▶ **Assignment**:
Range to reproduce from the entries below: the line with "TestPoint:TestPoint_Pad_D1.0mm, symbol Connector:TestPoint", the line with "- net DEBUG_SPI_CIPO renamed DEBUG_SPI_MISO", and every line in between. Give them exactly and give nothing else.

(Data excerpts)
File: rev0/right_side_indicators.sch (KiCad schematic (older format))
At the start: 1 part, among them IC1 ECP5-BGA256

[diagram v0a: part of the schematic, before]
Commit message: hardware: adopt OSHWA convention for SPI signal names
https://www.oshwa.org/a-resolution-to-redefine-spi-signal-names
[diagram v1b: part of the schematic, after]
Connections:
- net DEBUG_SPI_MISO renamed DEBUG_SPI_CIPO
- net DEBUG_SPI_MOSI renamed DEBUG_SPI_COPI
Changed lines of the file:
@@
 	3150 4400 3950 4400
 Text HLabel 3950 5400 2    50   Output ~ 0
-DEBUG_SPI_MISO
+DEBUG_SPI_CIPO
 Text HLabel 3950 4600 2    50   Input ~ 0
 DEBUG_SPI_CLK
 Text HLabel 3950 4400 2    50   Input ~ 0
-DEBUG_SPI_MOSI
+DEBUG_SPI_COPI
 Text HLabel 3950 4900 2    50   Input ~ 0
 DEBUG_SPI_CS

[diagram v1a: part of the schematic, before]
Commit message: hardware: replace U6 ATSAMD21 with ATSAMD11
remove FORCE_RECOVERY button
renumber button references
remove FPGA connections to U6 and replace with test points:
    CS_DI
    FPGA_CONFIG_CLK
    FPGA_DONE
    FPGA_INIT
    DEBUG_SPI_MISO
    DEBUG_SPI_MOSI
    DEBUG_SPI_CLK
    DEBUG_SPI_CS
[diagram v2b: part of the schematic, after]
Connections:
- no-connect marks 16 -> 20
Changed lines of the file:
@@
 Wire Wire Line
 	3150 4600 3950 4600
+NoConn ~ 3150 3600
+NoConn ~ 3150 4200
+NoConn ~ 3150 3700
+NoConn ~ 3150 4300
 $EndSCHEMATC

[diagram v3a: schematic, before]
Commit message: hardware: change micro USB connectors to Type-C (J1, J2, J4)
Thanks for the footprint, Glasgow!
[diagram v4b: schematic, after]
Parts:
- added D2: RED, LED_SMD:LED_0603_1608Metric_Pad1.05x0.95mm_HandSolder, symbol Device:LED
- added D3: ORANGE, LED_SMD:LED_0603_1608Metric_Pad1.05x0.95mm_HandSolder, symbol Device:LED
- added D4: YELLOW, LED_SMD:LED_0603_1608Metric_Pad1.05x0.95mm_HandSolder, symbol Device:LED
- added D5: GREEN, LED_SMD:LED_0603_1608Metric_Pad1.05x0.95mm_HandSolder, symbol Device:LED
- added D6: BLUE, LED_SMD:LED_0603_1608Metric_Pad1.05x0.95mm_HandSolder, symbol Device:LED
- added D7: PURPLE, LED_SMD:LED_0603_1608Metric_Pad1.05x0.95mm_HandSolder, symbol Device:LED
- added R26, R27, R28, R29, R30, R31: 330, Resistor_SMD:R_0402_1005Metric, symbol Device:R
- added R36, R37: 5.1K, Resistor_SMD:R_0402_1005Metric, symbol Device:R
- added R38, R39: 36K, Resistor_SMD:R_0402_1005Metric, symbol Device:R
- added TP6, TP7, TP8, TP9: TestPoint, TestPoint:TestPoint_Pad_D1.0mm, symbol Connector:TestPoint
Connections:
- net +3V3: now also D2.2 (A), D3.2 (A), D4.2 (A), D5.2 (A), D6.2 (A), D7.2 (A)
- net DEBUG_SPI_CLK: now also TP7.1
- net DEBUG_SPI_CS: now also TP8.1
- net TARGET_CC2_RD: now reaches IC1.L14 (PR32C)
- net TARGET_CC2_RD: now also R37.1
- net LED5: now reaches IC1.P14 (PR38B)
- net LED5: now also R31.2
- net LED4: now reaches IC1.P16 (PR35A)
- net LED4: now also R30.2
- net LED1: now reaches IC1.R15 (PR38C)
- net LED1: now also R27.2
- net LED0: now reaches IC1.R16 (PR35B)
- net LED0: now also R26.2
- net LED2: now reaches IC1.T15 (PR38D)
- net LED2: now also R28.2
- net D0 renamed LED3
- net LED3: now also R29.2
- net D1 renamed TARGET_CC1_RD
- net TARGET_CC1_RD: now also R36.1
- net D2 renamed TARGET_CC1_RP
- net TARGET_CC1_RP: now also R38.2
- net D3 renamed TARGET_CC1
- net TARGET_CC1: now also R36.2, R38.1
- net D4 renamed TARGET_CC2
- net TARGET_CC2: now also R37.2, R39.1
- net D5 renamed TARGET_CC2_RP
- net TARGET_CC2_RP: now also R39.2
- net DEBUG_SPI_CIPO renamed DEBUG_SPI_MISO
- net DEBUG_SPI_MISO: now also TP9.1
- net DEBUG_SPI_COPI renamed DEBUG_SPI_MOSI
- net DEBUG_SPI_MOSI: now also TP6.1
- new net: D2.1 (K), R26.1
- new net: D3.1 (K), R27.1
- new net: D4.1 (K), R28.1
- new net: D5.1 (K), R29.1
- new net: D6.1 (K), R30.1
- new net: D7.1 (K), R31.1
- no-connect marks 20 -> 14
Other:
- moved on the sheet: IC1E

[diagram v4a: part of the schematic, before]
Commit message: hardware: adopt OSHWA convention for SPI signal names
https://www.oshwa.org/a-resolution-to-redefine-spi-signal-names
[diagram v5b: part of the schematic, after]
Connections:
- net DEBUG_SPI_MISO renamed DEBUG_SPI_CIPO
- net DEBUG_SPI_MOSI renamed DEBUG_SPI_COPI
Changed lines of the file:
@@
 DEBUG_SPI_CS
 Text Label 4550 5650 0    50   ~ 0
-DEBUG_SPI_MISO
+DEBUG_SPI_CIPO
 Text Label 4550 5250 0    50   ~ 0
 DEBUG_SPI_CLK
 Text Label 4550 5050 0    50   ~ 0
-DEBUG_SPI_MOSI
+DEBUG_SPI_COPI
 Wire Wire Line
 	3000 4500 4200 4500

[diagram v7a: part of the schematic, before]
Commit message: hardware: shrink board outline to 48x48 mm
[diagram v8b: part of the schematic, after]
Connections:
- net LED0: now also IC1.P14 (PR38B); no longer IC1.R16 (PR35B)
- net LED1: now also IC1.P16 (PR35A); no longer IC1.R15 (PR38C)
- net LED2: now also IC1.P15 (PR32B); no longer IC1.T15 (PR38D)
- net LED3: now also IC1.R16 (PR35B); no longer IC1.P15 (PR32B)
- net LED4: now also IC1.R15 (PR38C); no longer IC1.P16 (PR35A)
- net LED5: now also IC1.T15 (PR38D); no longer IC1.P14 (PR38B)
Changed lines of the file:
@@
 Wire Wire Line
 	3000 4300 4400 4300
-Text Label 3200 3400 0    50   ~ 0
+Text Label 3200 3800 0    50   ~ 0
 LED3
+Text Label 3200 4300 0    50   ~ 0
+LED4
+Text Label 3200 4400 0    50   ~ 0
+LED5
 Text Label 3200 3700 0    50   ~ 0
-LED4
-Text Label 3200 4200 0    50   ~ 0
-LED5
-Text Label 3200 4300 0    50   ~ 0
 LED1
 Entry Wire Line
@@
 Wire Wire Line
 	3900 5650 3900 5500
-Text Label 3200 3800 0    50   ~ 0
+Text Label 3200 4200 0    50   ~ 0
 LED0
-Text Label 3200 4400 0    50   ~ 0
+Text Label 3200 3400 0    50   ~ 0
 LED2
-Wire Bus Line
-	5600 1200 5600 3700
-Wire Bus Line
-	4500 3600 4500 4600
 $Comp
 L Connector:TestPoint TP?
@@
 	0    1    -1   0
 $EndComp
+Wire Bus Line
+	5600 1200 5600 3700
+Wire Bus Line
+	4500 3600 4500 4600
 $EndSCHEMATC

▶ **Expected output**:
- added TP6, TP7, TP8, TP9: TestPoint, TestPoint:TestPoint_Pad_D1.0mm, symbol Connector:TestPoint
Connections:
- net +3V3: now also D2.2 (A), D3.2 (A), D4.2 (A), D5.2 (A), D6.2 (A), D7.2 (A)
- net DEBUG_SPI_CLK: now also TP7.1
- net DEBUG_SPI_CS: now also TP8.1
- net TARGET_CC2_RD: now reaches IC1.L14 (PR32C)
- net TARGET_CC2_RD: now also R37.1
- net LED5: now reaches IC1.P14 (PR38B)
- net LED5: now also R31.2
- net LED4: now reaches IC1.P16 (PR35A)
- net LED4: now also R30.2
- net LED1: now reaches IC1.R15 (PR38C)
- net LED1: now also R27.2
- net LED0: now reaches IC1.R16 (PR35B)
- net LED0: now also R26.2
- net LED2: now reaches IC1.T15 (PR38D)
- net LED2: now also R28.2
- net D0 renamed LED3
- net LED3: now also R29.2
- net D1 renamed TARGET_CC1_RD
- net TARGET_CC1_RD: now also R36.1
- net D2 renamed TARGET_CC1_RP
- net TARGET_CC1_RP: now also R38.2
- net D3 renamed TARGET_CC1
- net TARGET_CC1: now also R36.2, R38.1
- net D4 renamed TARGET_CC2
- net TARGET_CC2: now also R37.2, R39.1
- net D5 renamed TARGET_CC2_RP
- net TARGET_CC2_RP: now also R39.2
- net DEBUG_SPI_CIPO renamed DEBUG_SPI_MISO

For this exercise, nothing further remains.